You can see the median Babib for the league last year was 288.
Oakland had a 296.
The White Sox had a 301.
Washington had a 306.
These were some of the worst Babibs in the league.
The only one that was on here that had a better than average Babib was Cincinnati for some reason.
But I went through those teams and found notable pitchers.
And Gore had a 340,
like you said, he's just one of the worst offenders
on this, Calvin Fochet as well.
But other names that may have been hurt by their defenses
are Mitch Spence, Garrett Crochet, Trevor Rogers,
Graham Ashcraft, Joe Boyle, Mitch Keller,
Quinn Priester, Mitchell Parker, Nicola Dolo.
So these are ones where you have to ask yourself, is the defense going to improve?
And it could just be bad defenses and hurt them again.
I think with crochet changing teams, you're excited about that.
Maybe with Trevor Rogers at some point, I don't really feel it big time,
but Joe Boyle did change teams.
And then you have to think about changing personnel. I think Oakland
Probably has some changing personnel. Jacob Wilson wasn't very healthy all that year last year
So that's a better shortstop situation. Gio Orchella is a good defensive third baseman. So I think that they could improve defensively
I'm not gonna suggest though that the Nationals are gonna improve defensively
That's the weird thing about it is Gore did hurt from it last year.
And I think their infield defense is maybe not going to be any better
than it was last year.
Maybe their outfield defense will improve.

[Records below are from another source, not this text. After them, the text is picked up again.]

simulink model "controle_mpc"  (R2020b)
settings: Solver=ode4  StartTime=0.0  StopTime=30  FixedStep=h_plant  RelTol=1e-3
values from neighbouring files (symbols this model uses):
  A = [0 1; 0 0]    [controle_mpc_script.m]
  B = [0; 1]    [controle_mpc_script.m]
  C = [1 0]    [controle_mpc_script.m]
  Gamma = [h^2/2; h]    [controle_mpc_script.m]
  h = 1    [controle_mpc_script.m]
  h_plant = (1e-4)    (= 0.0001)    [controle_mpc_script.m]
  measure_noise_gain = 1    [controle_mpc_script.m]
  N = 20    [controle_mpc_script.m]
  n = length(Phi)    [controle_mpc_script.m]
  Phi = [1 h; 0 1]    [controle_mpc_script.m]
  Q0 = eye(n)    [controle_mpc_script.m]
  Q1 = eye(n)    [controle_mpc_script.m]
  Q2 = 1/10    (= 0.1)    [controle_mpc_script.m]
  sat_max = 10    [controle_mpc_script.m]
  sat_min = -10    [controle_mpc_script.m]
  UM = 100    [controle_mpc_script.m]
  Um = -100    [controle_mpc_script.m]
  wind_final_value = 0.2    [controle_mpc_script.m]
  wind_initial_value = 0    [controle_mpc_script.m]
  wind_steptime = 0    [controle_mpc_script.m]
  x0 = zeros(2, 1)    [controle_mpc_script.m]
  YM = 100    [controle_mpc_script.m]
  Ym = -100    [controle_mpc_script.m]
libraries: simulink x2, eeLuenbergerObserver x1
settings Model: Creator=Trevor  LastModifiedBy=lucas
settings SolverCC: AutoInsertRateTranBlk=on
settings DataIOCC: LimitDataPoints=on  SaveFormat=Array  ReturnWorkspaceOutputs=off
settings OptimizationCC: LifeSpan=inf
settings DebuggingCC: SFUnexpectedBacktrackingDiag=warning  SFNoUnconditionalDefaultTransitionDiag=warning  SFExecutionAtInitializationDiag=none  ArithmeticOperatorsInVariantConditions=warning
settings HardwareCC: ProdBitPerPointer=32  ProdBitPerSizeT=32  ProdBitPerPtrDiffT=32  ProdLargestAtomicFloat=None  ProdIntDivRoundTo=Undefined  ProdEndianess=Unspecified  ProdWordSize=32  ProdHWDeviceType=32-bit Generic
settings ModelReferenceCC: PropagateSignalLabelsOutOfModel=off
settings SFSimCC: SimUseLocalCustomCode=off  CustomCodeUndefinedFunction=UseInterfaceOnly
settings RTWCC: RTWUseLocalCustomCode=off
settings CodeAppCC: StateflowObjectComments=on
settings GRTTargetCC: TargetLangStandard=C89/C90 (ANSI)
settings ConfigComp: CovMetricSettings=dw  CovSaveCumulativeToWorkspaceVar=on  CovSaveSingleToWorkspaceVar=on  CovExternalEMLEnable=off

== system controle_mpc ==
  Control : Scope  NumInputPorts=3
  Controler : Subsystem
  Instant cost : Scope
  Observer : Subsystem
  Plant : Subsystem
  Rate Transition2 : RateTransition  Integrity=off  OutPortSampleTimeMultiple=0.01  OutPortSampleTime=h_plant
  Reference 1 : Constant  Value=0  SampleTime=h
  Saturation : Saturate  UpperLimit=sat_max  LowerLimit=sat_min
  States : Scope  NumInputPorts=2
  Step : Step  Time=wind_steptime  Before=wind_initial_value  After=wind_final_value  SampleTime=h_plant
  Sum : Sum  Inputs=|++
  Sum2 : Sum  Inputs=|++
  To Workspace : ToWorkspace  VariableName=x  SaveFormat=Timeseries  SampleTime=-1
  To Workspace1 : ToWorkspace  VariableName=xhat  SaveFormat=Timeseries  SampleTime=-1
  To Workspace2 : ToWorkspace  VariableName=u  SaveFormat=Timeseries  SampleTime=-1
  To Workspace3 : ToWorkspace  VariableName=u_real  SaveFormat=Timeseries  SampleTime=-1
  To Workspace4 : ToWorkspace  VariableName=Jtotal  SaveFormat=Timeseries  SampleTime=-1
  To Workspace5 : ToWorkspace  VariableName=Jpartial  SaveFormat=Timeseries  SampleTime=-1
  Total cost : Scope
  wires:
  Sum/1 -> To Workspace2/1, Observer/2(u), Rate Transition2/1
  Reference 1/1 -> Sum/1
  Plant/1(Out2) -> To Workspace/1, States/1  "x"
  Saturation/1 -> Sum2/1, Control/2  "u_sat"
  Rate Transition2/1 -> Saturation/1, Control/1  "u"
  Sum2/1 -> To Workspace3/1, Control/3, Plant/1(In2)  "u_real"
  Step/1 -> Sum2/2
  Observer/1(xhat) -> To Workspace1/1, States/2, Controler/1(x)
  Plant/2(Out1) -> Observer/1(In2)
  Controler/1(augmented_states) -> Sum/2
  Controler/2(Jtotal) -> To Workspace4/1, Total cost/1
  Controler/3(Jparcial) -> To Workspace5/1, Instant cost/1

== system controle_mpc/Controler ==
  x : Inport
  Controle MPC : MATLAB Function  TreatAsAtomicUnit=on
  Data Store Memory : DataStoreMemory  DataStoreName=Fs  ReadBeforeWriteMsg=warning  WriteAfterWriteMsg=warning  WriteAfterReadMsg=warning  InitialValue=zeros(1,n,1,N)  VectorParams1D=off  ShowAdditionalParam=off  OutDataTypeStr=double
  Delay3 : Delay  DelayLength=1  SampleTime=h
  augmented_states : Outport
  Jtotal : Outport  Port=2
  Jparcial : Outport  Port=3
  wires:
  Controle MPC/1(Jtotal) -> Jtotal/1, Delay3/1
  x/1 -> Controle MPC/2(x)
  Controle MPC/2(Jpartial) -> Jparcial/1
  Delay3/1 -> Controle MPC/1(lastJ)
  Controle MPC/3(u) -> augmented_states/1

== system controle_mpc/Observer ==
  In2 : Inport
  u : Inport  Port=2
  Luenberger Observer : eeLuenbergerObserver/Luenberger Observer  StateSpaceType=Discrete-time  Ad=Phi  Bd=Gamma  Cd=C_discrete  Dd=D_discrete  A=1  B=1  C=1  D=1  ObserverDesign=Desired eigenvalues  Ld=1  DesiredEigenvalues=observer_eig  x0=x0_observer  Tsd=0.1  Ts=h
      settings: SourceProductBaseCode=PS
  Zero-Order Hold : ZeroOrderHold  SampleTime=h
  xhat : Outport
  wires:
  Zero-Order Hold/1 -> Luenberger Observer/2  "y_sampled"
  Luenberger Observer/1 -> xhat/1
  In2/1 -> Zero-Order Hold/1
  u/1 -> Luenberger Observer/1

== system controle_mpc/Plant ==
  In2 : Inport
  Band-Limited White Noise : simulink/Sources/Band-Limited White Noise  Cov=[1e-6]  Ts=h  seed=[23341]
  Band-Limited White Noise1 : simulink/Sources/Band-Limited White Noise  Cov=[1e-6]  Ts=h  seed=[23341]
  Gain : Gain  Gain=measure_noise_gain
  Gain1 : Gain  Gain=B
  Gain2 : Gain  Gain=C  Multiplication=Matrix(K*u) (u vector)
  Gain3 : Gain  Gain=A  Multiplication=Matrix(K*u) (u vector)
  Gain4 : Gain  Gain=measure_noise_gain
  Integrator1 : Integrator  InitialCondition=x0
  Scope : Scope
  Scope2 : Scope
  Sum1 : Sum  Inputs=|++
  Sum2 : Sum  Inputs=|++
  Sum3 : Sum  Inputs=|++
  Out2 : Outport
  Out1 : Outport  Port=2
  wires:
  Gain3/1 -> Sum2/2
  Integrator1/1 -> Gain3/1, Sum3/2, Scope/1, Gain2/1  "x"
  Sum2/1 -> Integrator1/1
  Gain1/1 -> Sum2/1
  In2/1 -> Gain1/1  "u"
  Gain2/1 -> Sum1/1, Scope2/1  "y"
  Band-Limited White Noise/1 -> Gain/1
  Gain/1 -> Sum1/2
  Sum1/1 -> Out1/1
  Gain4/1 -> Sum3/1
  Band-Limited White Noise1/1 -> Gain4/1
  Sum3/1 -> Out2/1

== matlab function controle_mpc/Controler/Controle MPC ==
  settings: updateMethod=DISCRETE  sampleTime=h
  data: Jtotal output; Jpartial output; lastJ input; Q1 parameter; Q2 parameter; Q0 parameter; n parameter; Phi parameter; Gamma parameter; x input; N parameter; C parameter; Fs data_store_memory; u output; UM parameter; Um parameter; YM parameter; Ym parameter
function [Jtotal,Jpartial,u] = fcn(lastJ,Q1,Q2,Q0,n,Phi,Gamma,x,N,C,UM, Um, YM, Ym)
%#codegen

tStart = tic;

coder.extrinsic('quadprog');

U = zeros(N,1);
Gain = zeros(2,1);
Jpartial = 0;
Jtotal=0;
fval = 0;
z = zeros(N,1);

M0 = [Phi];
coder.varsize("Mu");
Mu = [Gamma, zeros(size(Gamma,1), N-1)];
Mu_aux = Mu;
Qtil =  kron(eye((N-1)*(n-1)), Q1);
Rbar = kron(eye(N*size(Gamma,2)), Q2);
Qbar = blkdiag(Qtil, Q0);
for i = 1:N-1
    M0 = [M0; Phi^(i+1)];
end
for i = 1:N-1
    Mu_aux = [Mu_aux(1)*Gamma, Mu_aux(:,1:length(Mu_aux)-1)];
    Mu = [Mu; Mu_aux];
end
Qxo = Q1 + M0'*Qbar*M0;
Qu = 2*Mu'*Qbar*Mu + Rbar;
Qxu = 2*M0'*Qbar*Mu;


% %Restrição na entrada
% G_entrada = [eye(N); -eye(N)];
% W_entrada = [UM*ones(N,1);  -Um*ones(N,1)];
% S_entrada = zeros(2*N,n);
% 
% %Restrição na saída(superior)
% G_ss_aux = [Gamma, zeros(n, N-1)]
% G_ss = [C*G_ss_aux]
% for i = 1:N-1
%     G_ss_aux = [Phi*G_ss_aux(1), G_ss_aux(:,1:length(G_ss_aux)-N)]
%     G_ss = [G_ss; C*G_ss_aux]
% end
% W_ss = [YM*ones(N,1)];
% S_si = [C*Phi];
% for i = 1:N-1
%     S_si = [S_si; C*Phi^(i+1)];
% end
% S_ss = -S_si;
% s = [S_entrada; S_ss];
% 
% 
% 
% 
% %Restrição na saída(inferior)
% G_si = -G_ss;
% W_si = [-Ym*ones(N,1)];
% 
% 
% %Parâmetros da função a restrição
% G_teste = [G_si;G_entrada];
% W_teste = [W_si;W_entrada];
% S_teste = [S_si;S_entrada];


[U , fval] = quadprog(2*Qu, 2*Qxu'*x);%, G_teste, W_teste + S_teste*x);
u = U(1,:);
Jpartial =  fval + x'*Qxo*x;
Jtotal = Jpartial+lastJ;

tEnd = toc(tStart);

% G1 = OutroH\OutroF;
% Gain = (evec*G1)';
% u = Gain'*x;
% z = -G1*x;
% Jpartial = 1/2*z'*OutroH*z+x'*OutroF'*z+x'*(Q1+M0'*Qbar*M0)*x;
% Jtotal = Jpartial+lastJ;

Yeah, I mean, Jacob Young in center is phenomenal.
So if he's out there, that helps the whole pitching staff.
So his playing time kind of matters a lot in this equation,
especially for the more fly ball heavy pitchers.
But I keep looking at Gore and wondering,
is there one more level there?
Projections actually are favorable.
I mean, you see some 120s in the whip column.
We've never seen anything better than a 140
from Mackenzie Gore over three years as a big leaguer.
So are you buying into just improvement based on the skills
and the things that he's been doing to get better
over his time in DC.
He's a little bit like Bradley where, you know, I wish he I could bequeath on him as
better secondary pitch, but it is nice to start with, you know, a good fastball like
he has.
And that's always going to make me, you know, kind of be in his corner to some extent.
I do like him.
I think this is a great place to get him.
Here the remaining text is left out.